● **TASK TO CARRY OUT**
From the entries that follow, pick out all lines holding "units".

#### PROVIDED RECORDS

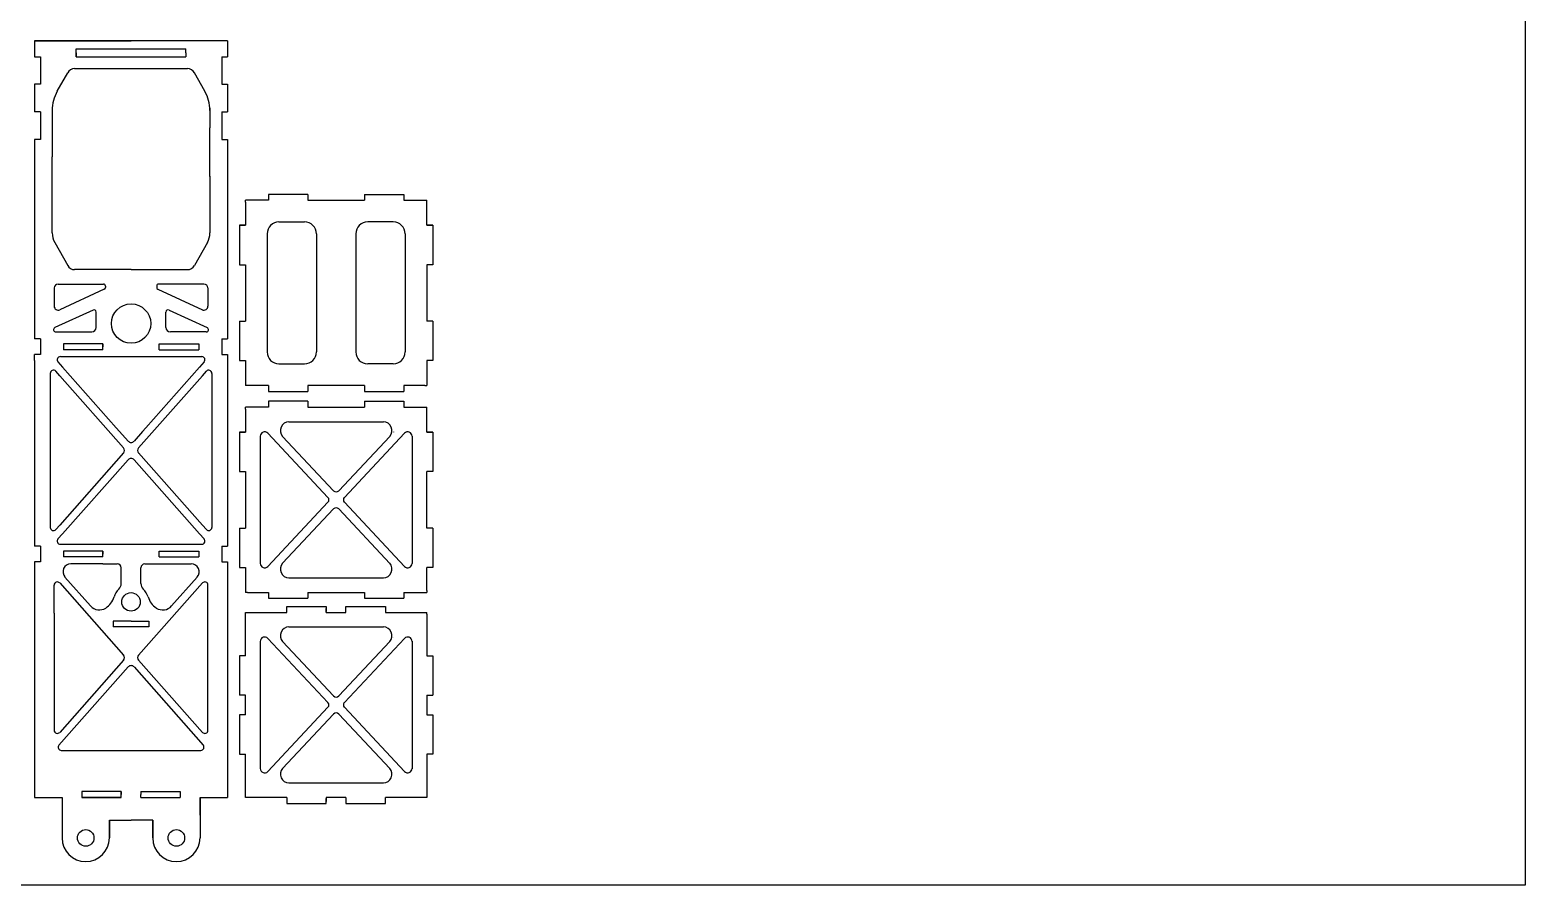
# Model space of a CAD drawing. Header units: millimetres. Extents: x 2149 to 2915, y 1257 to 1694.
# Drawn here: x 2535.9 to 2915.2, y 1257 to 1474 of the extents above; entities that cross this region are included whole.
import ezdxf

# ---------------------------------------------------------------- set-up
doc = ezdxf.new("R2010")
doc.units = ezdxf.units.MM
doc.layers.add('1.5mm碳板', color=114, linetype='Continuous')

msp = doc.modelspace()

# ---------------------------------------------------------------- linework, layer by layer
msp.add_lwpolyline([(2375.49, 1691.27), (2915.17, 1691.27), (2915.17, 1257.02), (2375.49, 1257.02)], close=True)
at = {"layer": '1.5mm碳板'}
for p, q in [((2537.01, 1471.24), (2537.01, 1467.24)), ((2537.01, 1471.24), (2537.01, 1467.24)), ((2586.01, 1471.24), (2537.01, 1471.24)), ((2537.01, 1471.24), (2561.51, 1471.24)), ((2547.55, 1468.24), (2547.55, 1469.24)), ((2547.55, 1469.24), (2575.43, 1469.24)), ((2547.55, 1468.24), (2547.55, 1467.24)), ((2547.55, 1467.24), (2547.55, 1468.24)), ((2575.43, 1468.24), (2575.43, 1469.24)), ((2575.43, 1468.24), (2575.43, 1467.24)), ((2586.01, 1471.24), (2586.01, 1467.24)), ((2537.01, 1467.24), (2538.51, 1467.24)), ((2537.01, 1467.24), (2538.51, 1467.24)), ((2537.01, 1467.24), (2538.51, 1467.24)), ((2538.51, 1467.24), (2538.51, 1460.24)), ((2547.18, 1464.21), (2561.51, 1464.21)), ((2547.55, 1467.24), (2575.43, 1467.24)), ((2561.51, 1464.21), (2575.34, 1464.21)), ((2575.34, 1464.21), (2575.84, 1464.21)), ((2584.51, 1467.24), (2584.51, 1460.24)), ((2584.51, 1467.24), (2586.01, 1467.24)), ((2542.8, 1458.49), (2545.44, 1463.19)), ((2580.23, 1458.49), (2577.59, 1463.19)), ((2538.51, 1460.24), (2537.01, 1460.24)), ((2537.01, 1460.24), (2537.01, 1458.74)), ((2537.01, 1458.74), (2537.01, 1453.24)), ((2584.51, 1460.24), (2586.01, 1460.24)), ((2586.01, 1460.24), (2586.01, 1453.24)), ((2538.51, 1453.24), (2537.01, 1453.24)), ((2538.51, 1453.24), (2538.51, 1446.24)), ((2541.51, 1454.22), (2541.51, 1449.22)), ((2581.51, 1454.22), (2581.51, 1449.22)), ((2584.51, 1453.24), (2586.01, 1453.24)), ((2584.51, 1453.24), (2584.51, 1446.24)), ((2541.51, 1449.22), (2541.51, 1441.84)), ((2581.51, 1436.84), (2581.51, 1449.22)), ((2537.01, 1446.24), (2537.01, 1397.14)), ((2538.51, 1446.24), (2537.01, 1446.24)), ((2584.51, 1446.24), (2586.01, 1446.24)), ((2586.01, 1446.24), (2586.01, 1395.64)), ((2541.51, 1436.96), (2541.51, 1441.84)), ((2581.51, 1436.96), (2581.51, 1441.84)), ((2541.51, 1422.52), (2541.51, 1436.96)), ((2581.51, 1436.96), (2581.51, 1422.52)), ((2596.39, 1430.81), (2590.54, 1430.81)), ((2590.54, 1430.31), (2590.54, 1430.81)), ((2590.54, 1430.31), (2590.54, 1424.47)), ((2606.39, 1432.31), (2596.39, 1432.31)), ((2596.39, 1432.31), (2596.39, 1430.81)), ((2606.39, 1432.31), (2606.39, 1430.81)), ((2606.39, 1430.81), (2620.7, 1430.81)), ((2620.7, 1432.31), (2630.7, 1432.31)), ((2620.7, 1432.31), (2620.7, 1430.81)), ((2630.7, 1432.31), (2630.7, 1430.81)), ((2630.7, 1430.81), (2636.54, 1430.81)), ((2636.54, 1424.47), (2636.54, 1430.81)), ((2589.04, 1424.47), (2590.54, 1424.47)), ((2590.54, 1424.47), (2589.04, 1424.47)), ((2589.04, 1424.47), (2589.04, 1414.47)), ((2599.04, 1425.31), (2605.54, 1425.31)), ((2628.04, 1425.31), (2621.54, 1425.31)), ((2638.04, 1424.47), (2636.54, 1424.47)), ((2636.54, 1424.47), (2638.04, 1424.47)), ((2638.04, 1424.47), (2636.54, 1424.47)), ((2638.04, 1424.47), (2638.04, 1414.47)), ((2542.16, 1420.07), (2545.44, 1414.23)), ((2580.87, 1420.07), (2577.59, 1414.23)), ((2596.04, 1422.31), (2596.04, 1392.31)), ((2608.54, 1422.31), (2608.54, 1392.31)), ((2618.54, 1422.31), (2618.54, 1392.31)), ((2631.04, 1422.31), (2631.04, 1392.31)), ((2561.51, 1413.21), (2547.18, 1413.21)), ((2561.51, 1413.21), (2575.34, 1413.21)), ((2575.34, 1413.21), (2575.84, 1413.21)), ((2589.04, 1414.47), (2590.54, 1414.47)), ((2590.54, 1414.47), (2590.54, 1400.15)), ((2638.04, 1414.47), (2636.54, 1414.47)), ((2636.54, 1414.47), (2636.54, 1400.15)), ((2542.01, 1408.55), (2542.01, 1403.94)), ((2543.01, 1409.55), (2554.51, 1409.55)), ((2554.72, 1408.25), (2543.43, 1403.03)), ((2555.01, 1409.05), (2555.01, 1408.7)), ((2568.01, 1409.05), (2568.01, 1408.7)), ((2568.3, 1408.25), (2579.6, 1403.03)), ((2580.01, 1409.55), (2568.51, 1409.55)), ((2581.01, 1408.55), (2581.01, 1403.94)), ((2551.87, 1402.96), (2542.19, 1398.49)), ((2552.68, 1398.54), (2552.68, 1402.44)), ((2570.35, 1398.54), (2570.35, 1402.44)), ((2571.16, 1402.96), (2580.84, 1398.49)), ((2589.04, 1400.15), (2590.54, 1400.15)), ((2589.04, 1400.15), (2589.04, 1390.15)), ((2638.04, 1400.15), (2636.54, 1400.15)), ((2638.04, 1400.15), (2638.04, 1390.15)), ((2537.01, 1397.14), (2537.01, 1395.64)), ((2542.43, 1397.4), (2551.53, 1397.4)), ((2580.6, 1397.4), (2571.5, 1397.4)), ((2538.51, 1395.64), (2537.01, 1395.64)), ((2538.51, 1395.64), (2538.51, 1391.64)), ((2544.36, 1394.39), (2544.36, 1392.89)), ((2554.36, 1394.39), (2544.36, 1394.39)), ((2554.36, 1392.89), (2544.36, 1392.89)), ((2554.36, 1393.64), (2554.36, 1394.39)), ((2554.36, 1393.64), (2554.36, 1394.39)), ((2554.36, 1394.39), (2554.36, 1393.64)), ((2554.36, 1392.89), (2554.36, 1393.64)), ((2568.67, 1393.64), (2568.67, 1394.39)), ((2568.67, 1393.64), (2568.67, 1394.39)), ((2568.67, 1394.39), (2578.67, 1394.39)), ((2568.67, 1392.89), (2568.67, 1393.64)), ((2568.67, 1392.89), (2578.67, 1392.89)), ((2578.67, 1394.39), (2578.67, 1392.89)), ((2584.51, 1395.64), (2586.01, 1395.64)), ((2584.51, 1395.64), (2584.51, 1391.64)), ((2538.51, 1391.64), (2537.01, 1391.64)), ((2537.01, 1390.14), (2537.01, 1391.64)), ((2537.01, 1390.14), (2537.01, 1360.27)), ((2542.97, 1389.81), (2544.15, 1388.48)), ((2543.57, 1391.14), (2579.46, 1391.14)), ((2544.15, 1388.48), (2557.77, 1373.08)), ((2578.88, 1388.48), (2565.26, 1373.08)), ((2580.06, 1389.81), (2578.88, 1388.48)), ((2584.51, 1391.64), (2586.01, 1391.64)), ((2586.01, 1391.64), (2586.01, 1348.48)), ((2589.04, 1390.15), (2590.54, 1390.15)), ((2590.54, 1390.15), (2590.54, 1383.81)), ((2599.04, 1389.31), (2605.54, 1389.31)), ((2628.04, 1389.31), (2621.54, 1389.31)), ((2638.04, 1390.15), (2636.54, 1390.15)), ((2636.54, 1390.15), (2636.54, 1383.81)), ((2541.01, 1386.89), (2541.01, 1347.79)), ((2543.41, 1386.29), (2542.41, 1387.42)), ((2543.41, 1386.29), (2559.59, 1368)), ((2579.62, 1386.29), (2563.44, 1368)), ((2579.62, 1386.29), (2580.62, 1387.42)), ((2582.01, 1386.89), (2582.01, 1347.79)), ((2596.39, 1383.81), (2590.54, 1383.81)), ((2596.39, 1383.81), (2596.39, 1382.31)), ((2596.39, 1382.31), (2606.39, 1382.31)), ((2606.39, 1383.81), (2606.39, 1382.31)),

########

● **RESULT OF THIS TASK**
# Model space of a CAD drawing. Header units: millimetres. Extents: x 2149 to 2915, y 1257 to 1694.
doc.units = ezdxf.units.MM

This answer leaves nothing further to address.